Stored entries

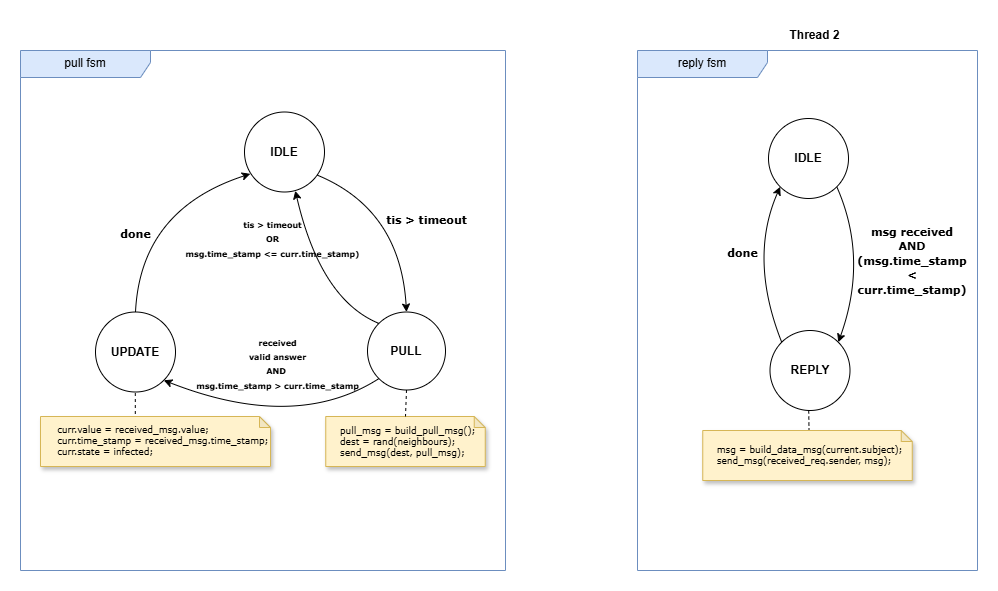

The diagram above was exported from draw.io. Its source (the exported page's mxGraphModel, read from the mxfile embedded in the PNG):
<mxGraphModel dx="1190" dy="701" grid="1" gridSize="10" guides="1" tooltips="1" connect="1" arrows="1" fold="1" page="1" pageScale="1" pageWidth="1169" pageHeight="827" math="0" shadow="0">
  <root>
    <mxCell id="0" />
    <mxCell id="1" parent="0" />
    <mxCell id="kyPruCvDXEumQECk60IY-10" value="&lt;b&gt;IDLE&lt;/b&gt;" style="ellipse;whiteSpace=wrap;html=1;aspect=fixed;" vertex="1" parent="1">
      <mxGeometry x="861" y="188" width="80" height="80" as="geometry" />
    </mxCell>
    <mxCell id="kyPruCvDXEumQECk60IY-11" value="&lt;b&gt;REPLY&lt;/b&gt;" style="ellipse;whiteSpace=wrap;html=1;aspect=fixed;" vertex="1" parent="1">
      <mxGeometry x="862.5" y="400" width="80" height="80" as="geometry" />
    </mxCell>
    <mxCell id="kyPruCvDXEumQECk60IY-12" value="" style="endArrow=classic;html=1;rounded=0;exitX=1;exitY=1;exitDx=0;exitDy=0;entryX=1;entryY=0;entryDx=0;entryDy=0;curved=1;" edge="1" parent="1" source="kyPruCvDXEumQECk60IY-10" target="kyPruCvDXEumQECk60IY-11">
      <mxGeometry width="50" height="50" relative="1" as="geometry">
        <mxPoint x="961" y="258" as="sourcePoint" />
        <mxPoint x="1011" y="208" as="targetPoint" />
        <Array as="points">
          <mxPoint x="961" y="328" />
        </Array>
      </mxGeometry>
    </mxCell>
    <mxCell id="kyPruCvDXEumQECk60IY-13" value="" style="endArrow=classic;html=1;rounded=0;exitX=0;exitY=0;exitDx=0;exitDy=0;entryX=0;entryY=1;entryDx=0;entryDy=0;curved=1;" edge="1" parent="1" source="kyPruCvDXEumQECk60IY-11" target="kyPruCvDXEumQECk60IY-10">
      <mxGeometry width="50" height="50" relative="1" as="geometry">
        <mxPoint x="921" y="338" as="sourcePoint" />
        <mxPoint x="971" y="288" as="targetPoint" />
        <Array as="points">
          <mxPoint x="841" y="328" />
        </Array>
      </mxGeometry>
    </mxCell>
    <mxCell id="kyPruCvDXEumQECk60IY-14" value="reply fsm" style="shape=umlFrame;whiteSpace=wrap;html=1;pointerEvents=0;width=130;height=27;fillColor=#dae8fc;strokeColor=#6c8ebf;shadow=0;" vertex="1" parent="1">
      <mxGeometry x="730" y="120" width="340" height="520" as="geometry" />
    </mxCell>
    <mxCell id="kyPruCvDXEumQECk60IY-15" value="&lt;span style=&quot;color: rgba(0, 0, 0, 0); font-family: monospace; font-size: 0px; text-align: start;&quot;&gt;%3CmxGraphModel%3E%3Croot%3E%3CmxCell%20id%3D%220%22%2F%3E%3CmxCell%20id%3D%221%22%20parent%3D%220%22%2F%3E%3CmxCell%20id%3D%222%22%20value%3D%22%26lt%3Bdiv%20style%3D%26quot%3Btext-wrap-mode%3A%20nowrap%3B%26quot%3B%26gt%3B%26lt%3Bb%20style%3D%26quot%3Bfont-size%3A%2011px%3B%20background-color%3A%20transparent%3B%20color%3A%20light-dark(rgb(0%2C%200%2C%200)%2C%20rgb(255%2C%20255%2C%20255))%3B%26quot%3B%26gt%3B%26lt%3Bfont%20face%3D%26quot%3BVerdana%26quot%3B%26gt%3Bmsg%20received%26lt%3B%2Ffont%26gt%3B%26lt%3B%2Fb%26gt%3B%26lt%3B%2Fdiv%26gt%3B%26lt%3Bdiv%20style%3D%26quot%3Btext-wrap-mode%3A%20nowrap%3B%26quot%3B%26gt%3B%26lt%3Bb%20style%3D%26quot%3Bfont-size%3A%2011px%3B%20background-color%3A%20transparent%3B%20color%3A%20light-dark(rgb(0%2C%200%2C%200)%2C%20rgb(255%2C%20255%2C%20255))%3B%26quot%3B%26gt%3B%26lt%3Bfont%20face%3D%26quot%3BVerdana%26quot%3B%26gt%3BAND%26lt%3B%2Ffont%26gt%3B%26lt%3B%2Fb%26gt%3B%26lt%3B%2Fdiv%26gt%3B%26lt%3Bdiv%20style%3D%26quot%3Btext-wrap-mode%3A%20nowrap%3B%26quot%3B%26gt%3B%26lt%3Bb%20style%3D%26quot%3Bfont-size%3A%2011px%3B%20background-color%3A%20transparent%3B%20color%3A%20light-dark(rgb(0%2C%200%2C%200)%2C%20rgb(255%2C%20255%2C%20255))%3B%26quot%3B%26gt%3B%26lt%3Bfont%20face%3D%26quot%3BVerdana%26quot%3B%26gt%3B(msg.time_stamp%26lt%3B%2Ffont%26gt%3B%26lt%3B%2Fb%26gt%3B%26lt%3B%2Fdiv%26gt%3B%26lt%3Bdiv%20style%3D%26quot%3Btext-wrap-mode%3A%20nowrap%3B%26quot%3B%26gt%3B%26lt%3Bfont%20face%3D%26quot%3BVerdana%26quot%3B%26gt%3B%26lt%3Bspan%20style%3D%26quot%3Bfont-size%3A%2011px%3B%26quot%3B%26gt%3B%26lt%3Bb%26gt%3B%26amp%3Blt%3B%26lt%3B%2Fb%26gt%3B%26lt%3B%2Fspan%26gt%3B%26lt%3B%2Ffont%26gt%3B%26lt%3B%2Fdiv%26gt%3B%26lt%3Bdiv%20style%3D%26quot%3Btext-wrap-mode%3A%20nowrap%3B%26quot%3B%26gt%3B%26lt%3Bb%20style%3D%26quot%3Bfont-size%3A%2011px%3B%20background-color%3A%20transparent%3B%20color%3A%20light-dark(rgb(0%2C%200%2C%200)%2C%20rgb(255%2C%20255%2C%20255))%3B%26quot%3B%26gt%3B%26lt%3Bfont%20face%3D%26quot%3BVerdana%26quot%3B%26gt%3Bcurr.time_stamp)%26lt%3B%2Ffont%26gt%3B%26lt%3B%2Fb%26gt%3B%26lt%3B%2Fdiv%26gt%3B%22%20style%3D%22text%3BwhiteSpace%3Dwrap%3Bhtml%3D1%3Balign%3Dcenter%3B%22%20vertex%3D%221%22%20parent%3D%221%22%3E%3CmxGeometry%20x%3D%22952.5%22%20y%3D%2297.5%22%20width%3D%22110%22%20height%3D%2240%22%20as%3D%22geometry%22%2F%3E%3C%2FmxCell%3E%3C%2Froot%3E%3C%2FmxGraphModel%3E&lt;/span&gt;" style="text;html=1;align=center;verticalAlign=middle;resizable=0;points=[];autosize=1;strokeColor=none;fillColor=none;" vertex="1" parent="1">
      <mxGeometry x="972.5" y="308" width="20" height="30" as="geometry" />
    </mxCell>
    <mxCell id="kyPruCvDXEumQECk60IY-16" value="&lt;font face=&quot;Verdana&quot;&gt;&lt;span style=&quot;font-size: 11px;&quot;&gt;&lt;b&gt;done&lt;/b&gt;&lt;/span&gt;&lt;/font&gt;" style="text;html=1;align=center;verticalAlign=middle;resizable=0;points=[];autosize=1;strokeColor=none;fillColor=none;" vertex="1" parent="1">
      <mxGeometry x="810" y="308" width="50" height="30" as="geometry" />
    </mxCell>
    <mxCell id="kyPruCvDXEumQECk60IY-20" value="" style="endArrow=none;dashed=1;html=1;rounded=0;exitX=0.5;exitY=1;exitDx=0;exitDy=0;" edge="1" parent="1">
      <mxGeometry width="50" height="50" relative="1" as="geometry">
        <mxPoint x="901.22" y="480" as="sourcePoint" />
        <mxPoint x="901.5" y="499" as="targetPoint" />
      </mxGeometry>
    </mxCell>
    <mxCell id="kyPruCvDXEumQECk60IY-22" value="&lt;b&gt;Thread 2&lt;/b&gt;" style="text;html=1;align=center;verticalAlign=middle;resizable=0;points=[];autosize=1;strokeColor=none;fillColor=none;" vertex="1" parent="1">
      <mxGeometry x="872" y="90" width="70" height="30" as="geometry" />
    </mxCell>
    <mxCell id="kyPruCvDXEumQECk60IY-35" value="" style="shape=note;whiteSpace=wrap;html=1;backgroundOutline=1;darkOpacity=0.05;size=11;fillColor=#fff2cc;strokeColor=#d6b656;shadow=1;" vertex="1" parent="1">
      <mxGeometry x="418.25" y="486" width="159.5" height="50" as="geometry" />
    </mxCell>
    <mxCell id="kyPruCvDXEumQECk60IY-36" value="&lt;b&gt;IDLE&lt;/b&gt;" style="ellipse;whiteSpace=wrap;html=1;aspect=fixed;" vertex="1" parent="1">
      <mxGeometry x="337" y="181.5" width="80" height="80" as="geometry" />
    </mxCell>
    <mxCell id="kyPruCvDXEumQECk60IY-37" value="&lt;b&gt;PULL&lt;/b&gt;" style="ellipse;whiteSpace=wrap;html=1;aspect=fixed;" vertex="1" parent="1">
      <mxGeometry x="460" y="381.5" width="78" height="78" as="geometry" />
    </mxCell>
    <mxCell id="kyPruCvDXEumQECk60IY-38" value="pull fsm" style="shape=umlFrame;whiteSpace=wrap;html=1;pointerEvents=0;width=130;height=27;fillColor=#dae8fc;strokeColor=#6c8ebf;shadow=0;" vertex="1" parent="1">
      <mxGeometry x="113" y="120" width="485" height="520" as="geometry" />
    </mxCell>
    <mxCell id="kyPruCvDXEumQECk60IY-39" value="&lt;font style=&quot;font-size: 11px;&quot; face=&quot;Verdana&quot;&gt;&lt;b&gt;tis &amp;gt; timeout&lt;/b&gt;&lt;/font&gt;" style="text;html=1;align=center;verticalAlign=middle;resizable=0;points=[];autosize=1;strokeColor=none;fillColor=none;" vertex="1" parent="1">
      <mxGeometry x="468.75" y="274.5" width="100" height="30" as="geometry" />
    </mxCell>
    <UserObject label="&lt;font face=&quot;Verdana&quot; style=&quot;forced-color-adjust: none; color: rgb(0, 0, 0); font-style: normal; font-variant-ligatures: normal; font-variant-caps: normal; font-weight: 400; letter-spacing: normal; orphans: 2; text-align: left; text-indent: 0px; text-transform: none; widows: 2; word-spacing: 0px; -webkit-text-stroke-width: 0px; white-space: nowrap; background-color: rgb(236, 236, 236); text-decoration-thickness: initial; text-decoration-style: initial; text-decoration-color: initial; font-size: 9px;&quot;&gt;&lt;div style=&quot;forced-color-adjust: none;&quot;&gt;pull_msg = build_pull_msg();&lt;/div&gt;&lt;div style=&quot;forced-color-adjust: none;&quot;&gt;dest = rand(neighbours);&lt;/div&gt;&lt;div style=&quot;forced-color-adjust: none;&quot;&gt;send_msg(dest, pull_msg);&lt;/div&gt;&lt;/font&gt;" link="&lt;font face=&quot;Verdana&quot; style=&quot;forced-color-adjust: none; color: rgb(0, 0, 0); font-style: normal; font-variant-ligatures: normal; font-variant-caps: normal; font-weight: 400; letter-spacing: normal; orphans: 2; text-align: left; text-indent: 0px; text-transform: none; widows: 2; word-spacing: 0px; -webkit-text-stroke-width: 0px; white-space: nowrap; background-color: rgb(236, 236, 236); text-decoration-thickness: initial; text-decoration-style: initial; text-decoration-color: initial; font-size: 9px;&quot;&gt;&lt;div style=&quot;forced-color-adjust: none;&quot;&gt;&lt;br class=&quot;Apple-interchange-newline&quot;&gt;current = node_instance[received_msg.subject];&lt;/div&gt;&lt;div style=&quot;forced-color-adjust: none; font-weight: bold;&quot;&gt;&lt;b style=&quot;forced-color-adjust: none; background-color: transparent; color: light-dark(rgb(0, 0, 0), rgb(255, 255, 255));&quot;&gt;if&amp;nbsp;&lt;/b&gt;&lt;span style=&quot;forced-color-adjust: none; background-color: transparent; color: light-dark(rgb(0, 0, 0), rgb(255, 255, 255)); font-weight: normal;&quot;&gt;(received_msg.time_stamp &amp;gt;&amp;nbsp;&lt;/span&gt;&lt;span style=&quot;forced-color-adjust: none; font-weight: 400;&quot;&gt;current&lt;/span&gt;&lt;span style=&quot;forced-color-adjust: none; background-color: transparent; color: light-dark(rgb(0, 0, 0), rgb(255, 255, 255)); font-weight: normal;&quot;&gt;.time_stamp)&lt;/span&gt;&lt;/div&gt;&lt;div style=&quot;forced-color-adjust: none; font-weight: bold;&quot;&gt;&lt;span style=&quot;forced-color-adjust: none; background-color: transparent; color: light-dark(rgb(0, 0, 0), rgb(255, 255, 255)); font-weight: normal;&quot;&gt;&amp;nbsp; &amp;nbsp; &amp;nbsp; current.value = received_msg.value;&lt;/span&gt;&lt;/div&gt;&lt;div style=&quot;forced-color-adjust: none; font-weight: bold;&quot;&gt;&lt;span style=&quot;forced-color-adjust: none; background-color: transparent; color: light-dark(rgb(0, 0, 0), rgb(255, 255, 255)); font-weight: normal;&quot;&gt;&amp;nbsp; &amp;nbsp; &amp;nbsp; current.time_stamp =&amp;nbsp;&lt;/span&gt;&lt;span style=&quot;forced-color-adjust: none; background-color: transparent; color: light-dark(rgb(0, 0, 0), rgb(255, 255, 255)); font-weight: normal;&quot;&gt;received_msg.time_stamp;&lt;/span&gt;&lt;span style=&quot;forced-color-adjust: none; background-color: transparent; color: light-dark(rgb(0, 0, 0), rgb(255, 255, 255)); font-weight: normal;&quot;&gt;&amp;nbsp;&lt;/span&gt;&lt;/div&gt;&lt;div style=&quot;forced-color-adjust: none; font-weight: bold;&quot;&gt;&lt;span style=&quot;forced-color-adjust: none; background-color: transparent; color: light-dark(rgb(0, 0, 0), rgb(255, 255, 255)); font-weight: normal;&quot;&gt;&amp;nbsp; &amp;nbsp; &amp;nbsp; current.state = infected;&lt;/span&gt;&lt;/div&gt;&lt;div style=&quot;forced-color-adjust: none; font-weight: bold;&quot;&gt;&lt;span style=&quot;forced-color-adjust: none; background-color: transparent; color: light-dark(rgb(0, 0, 0), rgb(255, 255, 255)); font-weight: normal;&quot;&gt;&amp;nbsp; &amp;nbsp; &amp;nbsp;&lt;span&gt;&amp;nbsp;&lt;/span&gt;&lt;/span&gt;&lt;span style=&quot;forced-color-adjust: none; background-color: transparent; color: light-dark(rgb(0, 0, 0), rgb(255, 255, 255)); font-weight: normal;&quot;&gt;node_instance[received_msg.subject] =&amp;nbsp;&lt;/span&gt;&lt;span style=&quot;forced-color-adjust: none; background-color: transparent; color: light-dark(rgb(0, 0, 0), rgb(255, 255, 255)); font-weight: normal;&quot;&gt;current&lt;/span&gt;&lt;span style=&quot;forced-color-adjust: none; background-color: transparent; color: light-dark(rgb(0, 0, 0), rgb(255, 255, 255)); font-weight: normal;&quot;&gt;&amp;nbsp;&lt;/span&gt;&lt;span style=&quot;forced-color-adjust: none; background-color: transparent; color: light-dark(rgb(0, 0, 0), rgb(255, 255, 255)); font-weight: normal;&quot;&gt;;&lt;/span&gt;&lt;/div&gt;&lt;/font&gt;&lt;br class=&quot;Apple-interchange-newline&quot;&gt;" id="kyPruCvDXEumQECk60IY-40">
      <mxCell style="text;whiteSpace=wrap;html=1;" vertex="1" parent="1">
        <mxGeometry x="430.75" y="489" width="120" height="45" as="geometry" />
      </mxCell>
    </UserObject>
    <mxCell id="kyPruCvDXEumQECk60IY-41" value="" style="endArrow=none;dashed=1;html=1;rounded=0;exitX=0.5;exitY=1;exitDx=0;exitDy=0;entryX=0.5;entryY=0;entryDx=0;entryDy=0;entryPerimeter=0;" edge="1" parent="1" source="kyPruCvDXEumQECk60IY-37" target="kyPruCvDXEumQECk60IY-35">
      <mxGeometry width="50" height="50" relative="1" as="geometry">
        <mxPoint x="508" y="438.5" as="sourcePoint" />
        <mxPoint x="478" y="471.5" as="targetPoint" />
      </mxGeometry>
    </mxCell>
    <mxCell id="kyPruCvDXEumQECk60IY-42" value="&lt;b&gt;UPDATE&lt;/b&gt;" style="ellipse;whiteSpace=wrap;html=1;aspect=fixed;" vertex="1" parent="1">
      <mxGeometry x="188" y="381.5" width="80" height="80" as="geometry" />
    </mxCell>
    <mxCell id="kyPruCvDXEumQECk60IY-43" value="" style="endArrow=classic;html=1;rounded=0;exitX=0.909;exitY=0.789;exitDx=0;exitDy=0;entryX=0.5;entryY=0;entryDx=0;entryDy=0;curved=1;exitPerimeter=0;" edge="1" parent="1" source="kyPruCvDXEumQECk60IY-36" target="kyPruCvDXEumQECk60IY-37">
      <mxGeometry width="50" height="50" relative="1" as="geometry">
        <mxPoint x="438" y="251.5" as="sourcePoint" />
        <mxPoint x="488" y="201.5" as="targetPoint" />
        <Array as="points">
          <mxPoint x="493" y="279" />
        </Array>
      </mxGeometry>
    </mxCell>
    <mxCell id="kyPruCvDXEumQECk60IY-44" value="" style="endArrow=classic;html=1;rounded=0;exitX=0;exitY=1;exitDx=0;exitDy=0;entryX=1;entryY=1;entryDx=0;entryDy=0;curved=1;" edge="1" parent="1" source="kyPruCvDXEumQECk60IY-37" target="kyPruCvDXEumQECk60IY-42">
      <mxGeometry width="50" height="50" relative="1" as="geometry">
        <mxPoint x="368" y="451.5" as="sourcePoint" />
        <mxPoint x="418" y="401.5" as="targetPoint" />
        <Array as="points">
          <mxPoint x="388" y="501.5" />
        </Array>
      </mxGeometry>
    </mxCell>
    <mxCell id="kyPruCvDXEumQECk60IY-45" value="&lt;div&gt;&lt;font style=&quot;font-size: 8px;&quot; face=&quot;Verdana&quot;&gt;&lt;b style=&quot;&quot;&gt;received&lt;/b&gt;&lt;/font&gt;&lt;/div&gt;&lt;div&gt;&lt;font style=&quot;font-size: 8px;&quot; face=&quot;Verdana&quot;&gt;&lt;b&gt;valid answer&lt;br&gt;AND&amp;nbsp;&lt;/b&gt;&lt;/font&gt;&lt;/div&gt;&lt;div&gt;&lt;font style=&quot;font-size: 8px;&quot; face=&quot;Verdana&quot;&gt;&lt;b&gt;msg.time_stamp&amp;nbsp;&lt;/b&gt;&lt;/font&gt;&lt;font style=&quot;background-color: transparent; color: light-dark(rgb(0, 0, 0), rgb(255, 255, 255)); font-size: 8px;&quot; face=&quot;Verdana&quot;&gt;&lt;b&gt;&amp;gt;&amp;nbsp;&lt;/b&gt;&lt;/font&gt;&lt;b style=&quot;background-color: transparent; color: light-dark(rgb(0, 0, 0), rgb(255, 255, 255)); font-size: 8px; font-family: Verdana;&quot;&gt;curr.time_stamp&lt;/b&gt;&lt;/div&gt;&lt;div&gt;&lt;font style=&quot;font-size: 11px;&quot; face=&quot;Verdana&quot;&gt;&lt;b&gt;&lt;br&gt;&lt;/b&gt;&lt;/font&gt;&lt;/div&gt;" style="text;html=1;align=center;verticalAlign=middle;resizable=0;points=[];autosize=1;strokeColor=none;fillColor=none;" vertex="1" parent="1">
      <mxGeometry x="275" y="395" width="190" height="90" as="geometry" />
    </mxCell>
    <mxCell id="kyPruCvDXEumQECk60IY-46" value="" style="endArrow=classic;html=1;rounded=0;entryX=0.073;entryY=0.773;entryDx=0;entryDy=0;entryPerimeter=0;curved=1;exitX=0.5;exitY=0;exitDx=0;exitDy=0;" edge="1" parent="1" source="kyPruCvDXEumQECk60IY-42" target="kyPruCvDXEumQECk60IY-36">
      <mxGeometry width="50" height="50" relative="1" as="geometry">
        <mxPoint x="258" y="381.5" as="sourcePoint" />
        <mxPoint x="308" y="331.5" as="targetPoint" />
        <Array as="points">
          <mxPoint x="233" y="279" />
        </Array>
      </mxGeometry>
    </mxCell>
    <mxCell id="kyPruCvDXEumQECk60IY-47" value="&lt;div&gt;&lt;font face=&quot;Verdana&quot;&gt;&lt;span style=&quot;font-size: 11px;&quot;&gt;&lt;b&gt;done&lt;/b&gt;&lt;/span&gt;&lt;/font&gt;&lt;/div&gt;" style="text;html=1;align=center;verticalAlign=middle;resizable=0;points=[];autosize=1;strokeColor=none;fillColor=none;" vertex="1" parent="1">
      <mxGeometry x="203" y="289" width="50" height="30" as="geometry" />
    </mxCell>
    <mxCell id="kyPruCvDXEumQECk60IY-48" value="" style="endArrow=classic;html=1;rounded=0;exitX=0;exitY=0;exitDx=0;exitDy=0;entryX=0.635;entryY=0.985;entryDx=0;entryDy=0;curved=1;entryPerimeter=0;" edge="1" parent="1" source="kyPruCvDXEumQECk60IY-37" target="kyPruCvDXEumQECk60IY-36">
      <mxGeometry width="50" height="50" relative="1" as="geometry">
        <mxPoint x="348" y="371.5" as="sourcePoint" />
        <mxPoint x="398" y="321.5" as="targetPoint" />
        <Array as="points">
          <mxPoint x="413" y="369" />
        </Array>
      </mxGeometry>
    </mxCell>
    <mxCell id="kyPruCvDXEumQECk60IY-49" value="&lt;div&gt;&lt;font style=&quot;font-size: 8px;&quot; face=&quot;Verdana&quot;&gt;&lt;b style=&quot;&quot;&gt;tis &amp;gt; timeout&lt;/b&gt;&lt;/font&gt;&lt;/div&gt;&lt;div&gt;&lt;b style=&quot;background-color: transparent; color: light-dark(rgb(0, 0, 0), rgb(255, 255, 255));&quot;&gt;&lt;font style=&quot;font-size: 8px;&quot;&gt;&lt;font face=&quot;Verdana&quot;&gt;OR&lt;/font&gt;&lt;/font&gt;&lt;/b&gt;&lt;/div&gt;&lt;div&gt;&lt;b style=&quot;background-color: transparent; color: light-dark(rgb(0, 0, 0), rgb(255, 255, 255));&quot;&gt;&lt;font style=&quot;font-size: 8px;&quot; face=&quot;Verdana&quot;&gt;msg.time_stamp&amp;nbsp;&lt;/font&gt;&lt;/b&gt;&lt;b style=&quot;font-size: 8px; font-family: Verdana; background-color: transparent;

**DIRECTIONS FOR THIS TASK**
Above are the records; copy every line in them that holds the word "shadow".

**TASK RESULT**
<mxGraphModel dx="1190" dy="701" grid="1" gridSize="10" guides="1" tooltips="1" connect="1" arrows="1" fold="1" page="1" pageScale="1" pageWidth="1169" pageHeight="827" math="0" shadow="0">
    <mxCell id="kyPruCvDXEumQECk60IY-14" value="reply fsm" style="shape=umlFrame;whiteSpace=wrap;html=1;pointerEvents=0;width=130;height=27;fillColor=#dae8fc;strokeColor=#6c8ebf;shadow=0;" vertex="1" parent="1">
    <mxCell id="kyPruCvDXEumQECk60IY-35" value="" style="shape=note;whiteSpace=wrap;html=1;backgroundOutline=1;darkOpacity=0.05;size=11;fillColor=#fff2cc;strokeColor=#d6b656;shadow=1;" vertex="1" parent="1">
    <mxCell id="kyPruCvDXEumQECk60IY-38" value="pull fsm" style="shape=umlFrame;whiteSpace=wrap;html=1;pointerEvents=0;width=130;height=27;fillColor=#dae8fc;strokeColor=#6c8ebf;shadow=0;" vertex="1" parent="1">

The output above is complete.